Developing “foundation AI models” is a key aspect of Project Data Sphere’s expanding precompetitive initiatives. For example, the autoRECIST initiative, which began while Khozin was still at FDA, aims to help expedite clinical development and lower costs by using AI and machine learning to automate tumor assessments according to the RECIST criteria. “The autoRECIST tool that we’re developing right now can significantly streamline clinical development programs,” says Khozin. “If we think about what’s happening in drug development, there’s downward pressure on pricing, and there is inflationary pressure at the other end. So companies have to be lean.”

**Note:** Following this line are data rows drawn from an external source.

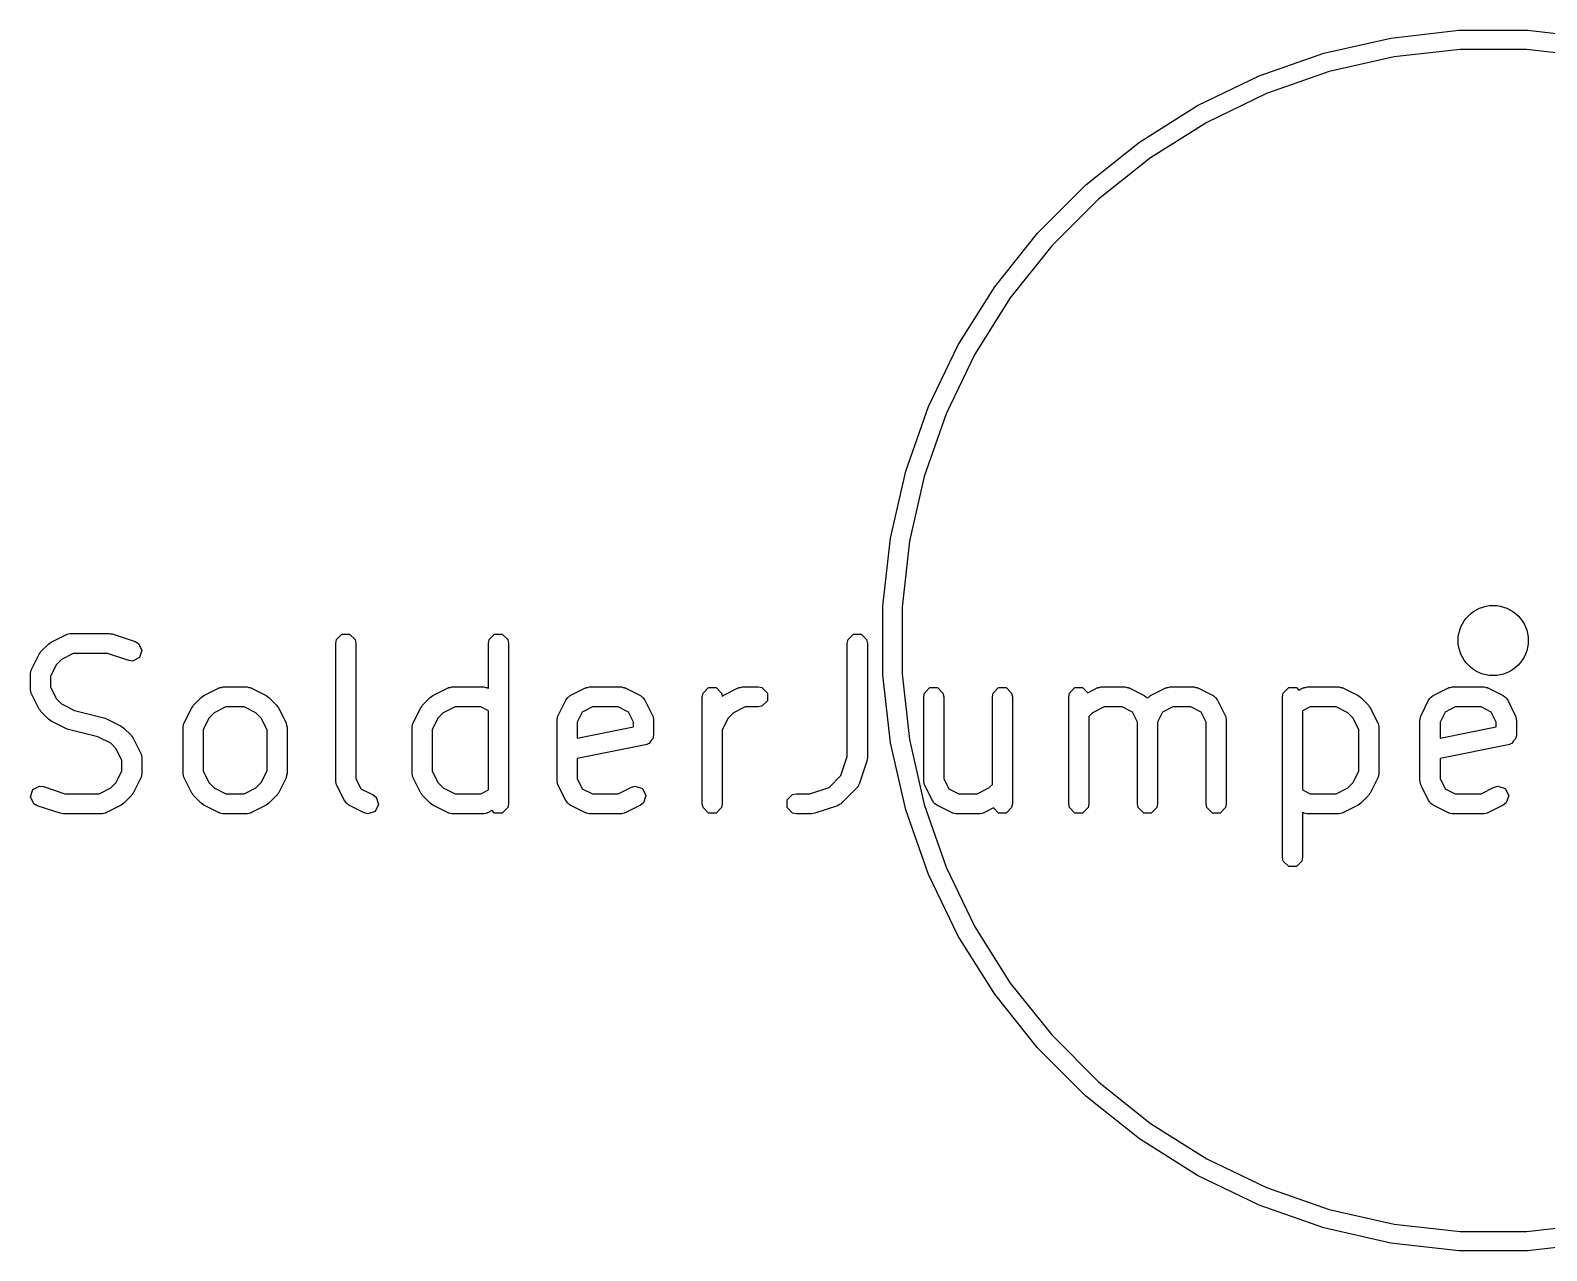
# Model space of a CAD drawing. Header units: inches. Extents: x -1.73 to 1.98, y -0.03 to 4.65.
# Drawn here: x 1.3475 to 1.6453, y 3.3506 to 3.5904 of the extents above; entities that cross this region are included whole.
import ezdxf

# ---------------------------------------------------------------- set-up
doc = ezdxf.new("R2010")
doc.units = ezdxf.units.IN
doc.header["$MEASUREMENT"] = 0
doc.layers.add('BLACK', color=250, linetype='CONTINUOUS')

msp = doc.modelspace()

# ---------------------------------------------------------------- linework, layer by layer
at = {"layer": 'BLACK', "linetype": 'CONTINUOUS'}
for p, q in [((1.61473, 3.58884), (1.62811, 3.59035)), ((1.62811, 3.59035), (1.64157, 3.59035)), ((1.64157, 3.59035), (1.65495, 3.58884)), ((1.6016, 3.58585), (1.61473, 3.58884)), ((1.62832, 3.5866), (1.61536, 3.58514)), ((1.64136, 3.5866), (1.62832, 3.5866)), ((1.65433, 3.58514), (1.64136, 3.5866)), ((1.58889, 3.5814), (1.6016, 3.58585)), ((1.61536, 3.58514), (1.60264, 3.58224)), ((1.57676, 3.57556), (1.58889, 3.5814)), ((1.60264, 3.58224), (1.59033, 3.57793)), ((1.59033, 3.57793), (1.57858, 3.57227)), ((1.56536, 3.5684), (1.57676, 3.57556)), ((1.57858, 3.57227), (1.56753, 3.56533)), ((1.55484, 3.56), (1.56536, 3.5684)), ((1.56753, 3.56533), (1.55734, 3.5572)), ((1.54531, 3.55048), (1.55484, 3.56)), ((1.55734, 3.5572), (1.54811, 3.54798)), ((1.53692, 3.53995), (1.54531, 3.55048)), ((1.54811, 3.54798), (1.53998, 3.53778)), ((1.52976, 3.52855), (1.53692, 3.53995)), ((1.53998, 3.53778), (1.53304, 3.52674)), ((1.52391, 3.51642), (1.52976, 3.52855)), ((1.53304, 3.52674), (1.52738, 3.51498)), ((1.51947, 3.50371), (1.52391, 3.51642)), ((1.52738, 3.51498), (1.52307, 3.50267)), ((1.51647, 3.49058), (1.51947, 3.50371)), ((1.52307, 3.50267), (1.52017, 3.48996)), ((1.51496, 3.4772), (1.51647, 3.49058)), ((1.52017, 3.48996), (1.51871, 3.47699)), ((1.51496, 3.47699), (1.51496, 3.4772)), ((1.51496, 3.46374), (1.51496, 3.47699)), ((1.51871, 3.47699), (1.51871, 3.46395)), ((1.35133, 3.46995), (1.35158, 3.47015)), ((1.35158, 3.47015), (1.35458, 3.47165)), ((1.35458, 3.47165), (1.35467, 3.47167)), ((1.35467, 3.47167), (1.3547, 3.4717)), ((1.3547, 3.4717), (1.35501, 3.47177)), ((1.35501, 3.47177), (1.35532, 3.47185)), ((1.35532, 3.47185), (1.35536, 3.47184)), ((1.35536, 3.47184), (1.35546, 3.47185)), ((1.35546, 3.47185), (1.36295, 3.47185)), ((1.36295, 3.47185), (1.36326, 3.47179)), ((1.36326, 3.47179), (1.36358, 3.47175)), ((1.36358, 3.47175), (1.36808, 3.47025)), ((1.36808, 3.47025), (1.36874, 3.46987)), ((1.40748, 3.46989), (1.40763, 3.47064)), ((1.40763, 3.47064), (1.4087, 3.4717)), ((1.4087, 3.4717), (1.4102, 3.4717)), ((1.4102, 3.4717), (1.41127, 3.47064)), ((1.41127, 3.47064), (1.41142, 3.46989)), ((1.43748, 3.46989), (1.43763, 3.47064)), ((1.43763, 3.47064), (1.43869, 3.4717)), ((1.43869, 3.4717), (1.4402, 3.4717)), ((1.4402, 3.4717), (1.44126, 3.47064)), ((1.44126, 3.47064), (1.44141, 3.46989)), ((1.50797, 3.46989), (1.50812, 3.47064)), ((1.50812, 3.47064), (1.50918, 3.4717)), ((1.50918, 3.4717), (1.51069, 3.4717)), ((1.51069, 3.4717), (1.51175, 3.47064)), ((1.51175, 3.47064), (1.5119, 3.46989)), ((1.3477, 3.46477), (1.3492, 3.46777)), ((1.3492, 3.46777), (1.34939, 3.46802)), ((1.34939, 3.46802), (1.34956, 3.46828)), ((1.34956, 3.46828), (1.35106, 3.46978)), ((1.35106, 3.46978), (1.35133, 3.46995)), ((1.35592, 3.46792), (1.35362, 3.46677)), ((1.36264, 3.46792), (1.35592, 3.46792)), ((1.36683, 3.46652), (1.36264, 3.46792)), ((1.36894, 3.4671), (1.36759, 3.46642)), ((1.36874, 3.46987), (1.36942, 3.46853)), ((1.36942, 3.46853), (1.36894, 3.4671)), ((1.40748, 3.44289), (1.40748, 3.46989)), ((1.41142, 3.46989), (1.41142, 3.44335)), ((1.43748, 3.46107), (1.43748, 3.46989)), ((1.44141, 3.46989), (1.44141, 3.43839)), ((1.50797, 3.44771), (1.50797, 3.46989)), ((1.5119, 3.46989), (1.5119, 3.44739)), ((1.34749, 3.46403), (1.34758, 3.46433)), ((1.34758, 3.46433), (1.34764, 3.46464)), ((1.34764, 3.46464), (1.34767, 3.46467)), ((1.34767, 3.46467), (1.3477, 3.46477)), ((1.35257, 3.46572), (1.35142, 3.46342)), ((1.35362, 3.46677), (1.35257, 3.46572)), ((1.36759, 3.46642), (1.36683, 3.46652)), ((1.34751, 3.46398), (1.34749, 3.46403)), ((1.34749, 3.46389), (1.34751, 3.46398)), ((1.34749, 3.46089), (1.34749, 3.46389)), ((1.35142, 3.46342), (1.35142, 3.46135)), ((1.35142, 3.46135), (1.35257, 3.45905)), ((1.38157, 3.45965), (1.38457, 3.46115)), ((1.38457, 3.46115), (1.38467, 3.46117)), ((1.38467, 3.46117), (1.3847, 3.46121)), ((1.3847, 3.46121), (1.38501, 3.46127)), ((1.38501, 3.46127), (1.38531, 3.46135)), ((1.38531, 3.46135), (1.38535, 3.46134)), ((1.38535, 3.46134), (1.38545, 3.46136)), ((1.38545, 3.46136), (1.38995, 3.46136)), ((1.38995, 3.46136), (1.39005, 3.46134)), ((1.39005, 3.46134), (1.39009, 3.46135)), ((1.39009, 3.46135), (1.39039, 3.46127)), ((1.39039, 3.46127), (1.3907, 3.46121)), ((1.3907, 3.46121), (1.39074, 3.46117)), ((1.39074, 3.46117), (1.39083, 3.46115)), ((1.39083, 3.46115), (1.39383, 3.45965)), ((1.42657, 3.45965), (1.42957, 3.46115)), ((1.42957, 3.46115), (1.42966, 3.46117)), ((1.42966, 3.46117), (1.42969, 3.46121)), ((1.42969, 3.46121), (1.43, 3.46127)), ((1.43, 3.46127), (1.43031, 3.46135)), ((1.43031, 3.46135), (1.43035, 3.46134)), ((1.43035, 3.46134), (1.43045, 3.46136)), ((1.43045, 3.46136), (1.43645, 3.46136)), ((1.43645, 3.46136), (1.43654, 3.46134)), ((1.43654, 3.46134), (1.43658, 3.46135)), ((1.43658, 3.46135), (1.43689, 3.46127)), ((1.43689, 3.46127), (1.4372, 3.46121)), ((1.4372, 3.46121), (1.43723, 3.46117)), ((1.43723, 3.46117), (1.43733, 3.46115)), ((1.43733, 3.46115), (1.43748, 3.46107)), ((1.45356, 3.45965), (1.45656, 3.46115)), ((1.45656, 3.46115), (1.45666, 3.46117)), ((1.45666, 3.46117), (1.45669, 3.46121)), ((1.45669, 3.46121), (1.457, 3.46127)), ((1.457, 3.46127), (1.4573, 3.46135)), ((1.4573, 3.46135), (1.45735, 3.46134)), ((1.45735, 3.46134), (1.45744, 3.46136)), ((1.45744, 3.46136), (1.46344, 3.46136)), ((1.46344, 3.46136), (1.46354, 3.46134)), ((1.46354, 3.46134), (1.46358, 3.46135)), ((1.46358, 3.46135), (1.46389, 3.46127)), ((1.46389, 3.46127), (1.4642, 3.46121)), ((1.4642, 3.46121), (1.46423, 3.46117)), ((1.46423, 3.46117), (1.46432, 3.46115)), ((1.46432, 3.46115), (1.46732, 3.45965)), ((1.47962, 3.46014), (1.48069, 3.46121)), ((1.48069, 3.46121), (1.48219, 3.46121)), ((1.48219, 3.46121), (1.48326, 3.46014)), ((1.48356, 3.45965), (1.48656, 3.46115)), ((1.48656, 3.46115), (1.48665, 3.46117)), ((1.48665, 3.46117), (1.48669, 3.46121)), ((1.48669, 3.46121), (1.487, 3.46127)), ((1.487, 3.46127), (1.4873, 3.46135)), ((1.4873, 3.46135), (1.48734, 3.46134)), ((1.48734, 3.46134), (1.48744, 3.46136)), ((1.48744, 3.46136), (1.49044, 3.46136)), ((1.49044, 3.46136), (1.49119, 3.46121)), ((1.49119, 3.46121), (1.49226, 3.46014)), ((1.51647, 3.45036), (1.51496, 3.46374)), ((1.51871, 3.46395), (1.52017, 3.45099)), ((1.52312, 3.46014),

A major theme of the growing precompetitive work, says Khozin, is a better definition of patient response to treatment. Not all patients respond to a given therapy, and those that do respond, often respond differently, because no two patients are the same. A better understanding of those differences can lead to new biomarkers for clinical development, and identify new patient populations and new drug targets. “That’s a value proposition that we’re going to be surfacing in the news few months,” says Khozin.

That work is valuable broadly, since no single biopharma company, regardless of size, will be able to do it alone, says Khozin. “In fact, if you look at what companies are doing right now, which is kind of paradoxical and ironic, they are pulling back on data science and AI…they’ve shrunk their data science teams,” even as AI interest increases. “A lot of what they thought they could do internally is better done in collaboration with others.”

Ten years in, Project Data Sphere’s efforts and initiatives are expanding. And it remains focused on collecting and analyzing human clinical trial data to improve patient outcomes, and to make drug development more successful. “I’m quite confident that the insights we’ve generated at Project Data Sphere have been part of the calculation of companies in designing clinical trials,” says Khozin. “Companies benefit from contributing data to Project Data Sphere as an open access data sharing platform, and in the precompetitive setting.”